Galileo, que por aquel entonces era el científico más reputado de la época, había fabricado en 1609 un telescopio en base a un diseño patentado por ópticos neerlandeses pocos meses atrás. El instrumento debió ser muy similar al representado por Brueghel el Viejo en su obra Paisaje con vista del castillo de Mariemont (1608–1611), conservada en el Virginia Museum of Fine Arts de Richmond, en Estados Unidos. La primera campaña de observaciones de Galileo, cuyos resultados recogió en su obra Sidereus Nuncius (1610), legó aportaciones titánicas a la astronomía moderna: incluyó descripciones detalladas de la orografía lunar, identificó la estructura de la Vía Láctea como un conjunto de estrellas independientes y descubrió los primeros cuatro satélites de Júpiter, planeta del que no se conocerían más lunas hasta la última década del siglo XIX. También fue el primero en observar Saturno con un telescopio. Y cuando lo hizo, se percató de algo que le dejó atónito: al igual que el resto de planetas, Saturno era un cuerpo circular, pero lucía dos extrañas protuberancias en forma de asa adosadas a los lados. Estas simpáticas orejillas no eran precisamente lo que el científico pisano esperaba encontrar tras la lente, pero, en base a la experiencia adquirida en el descubrimiento de las lunas de Júpiter, las asoció con un sistema satelital de dos cuerpos, los cuales, por puro azar, había observado en configuración simétrica. Sin embargo, en sucesivos avistamientos advirtió que las lunas no variaban su posición relativa con respecto al cuerpo principal: siempre las encontraba en el mismo lugar. De ser satélites, se esperaría que orbitasen en torno al planeta, pero verlas estáticas descartaba esa posibilidad. Para más inri, en 1612 las protuberancias desaparecieron, transformando a Saturno en un objeto esférico simple. Aquello era un auténtico cachondeo óptico.

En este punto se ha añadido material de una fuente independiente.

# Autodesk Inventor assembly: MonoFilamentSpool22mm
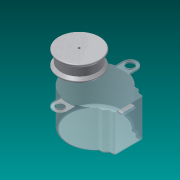
[picture p0: Inventor's stored thumbnail of the model, 180x180]
Saved by Autodesk Inventor 2013 (Build 170138000, 138)
## iProperties
Created: 2013-08-18
Part Number: MonoFilamentSpool22mm
Document SubType Name: Assembly
Designer: Sawaiz
Author: Sawaiz
## Documents named in this file (3)
- S:\Sawaiz\Documents\3D Modeling\Inventor\PolarGraph\MonoFilamentSpool22mm.iam
- S:\Sawaiz\Documents\3D Modeling\Inventor\PolarGraph\Stepper Motor 28BYJ-48.ipt
- S:\Sawaiz\Documents\3D Modeling\Inventor\PolarGraph\22mm Spool.ipt
## Components (2 placed, 2 different names)
1. Stepper Motor 28BYJ-48:1 — Mate:1, Mate:2
2. 22mm Spool:1 — Mate:1, Mate:2
## Relationships (2: Mate 2)
- Mate:1: Stepper Motor 28BYJ-48:1 ↔ 22mm Spool:1
- Mate:2: Stepper Motor 28BYJ-48:1 ↔ 22mm Spool:1

En realidad, ocurrían dos cosas que la Física solucionaría en décadas posteriores: (1) la óptica del telescopio de Galileo no permitía resolver la imagen con una nitidez suficiente como para distinguir los anillos de Saturno y (2) en 1612 la posición relativa entre el observador y el planeta era tal que avistó el plano de anillos “de canto”. Así, los dos objetos que flanqueaban el cuerpo central simplemente se diluyeron a causa de la insuficiente resolución del aparato. El científico decidió dar carpetazo al asunto y concluyó que se trataba de un objeto triple, dejando constancia de ello en su Historia y demostraciones sobre las manchas solares y sus accidentes (1613), donde encontramos una original representación esquemática de Saturno embebida en el texto: «[…] porque siendo la figura de Saturno así oOo, como muestran a las perfectas vistas los perfectos instrumentos […]» Influido por estas descripciones, Rubens introdujo al sexto planeta en su pintura en forma de tres destellos luminosos.
Cuando admiro esta obra, siento estar ante a un trozo de ámbar que guarda un fósil científico en su interior. En apenas veinte pinceladas, el artista plasmó un conocimiento que, si bien en ese momento se consideraba puntero, se demostraría obsoleto tan solo cinco décadas más tarde. Desde la perspectiva de los hombres y mujeres del siglo XXI, estos tres destellos adquieren un nuevo significado: son la materialización misma de la forma en la que avanza la ciencia, contrastando hipótesis, desmintiendo teorías, imponiendo un estado de permanente revisión de las respuestas a casi cualquier pregunta que se formula.
El hecho de que un artista de la talla de Rubens decidiese integrar en sus obras referencias explícitas a avances científicos indica que en su entorno estaba ocurriendo algo fuera de lo común. Iniciado tan solo unas décadas atrás, el luminoso periodo de la Revolución científica fue dotando progresivamente a los investigadores de un lenguaje formal – las matemáticas modernas – y un marco metodológico – el método científico – que, por primera vez en la historia, les permitía acometer una exploración sistemática y rigurosa del universo. La nueva ciencia era capaz de describir con inusitada precisión sistemas, movimientos, fenómenos y trayectorias. Las matemáticas, la física y la química eran armas de exploración masiva a disposición de unos científicos que, como niños con zapatos nuevos, ahora tenían acceso a un conjunto de herramientas a la altura de su hambre de conocimiento. En paralelo, los avances técnicos en el campo de la ingeniería ayudaron a perfeccionar los procesos de fabricación de los instrumentos de observación y medida, cuya precisión resultaba fundamental en la validación de las hipótesis. Uno tras otro, los telones que hasta entonces velaban los fenómenos naturales comenzaron a caer a una velocidad y con una determinación nunca antes vistas. Ese optimismo colectivo debió contagiar a los intelectuales y artistas del momento de un estado de ánimo vibrante y predispuesto para el asombro. Todo estaba por descubrir.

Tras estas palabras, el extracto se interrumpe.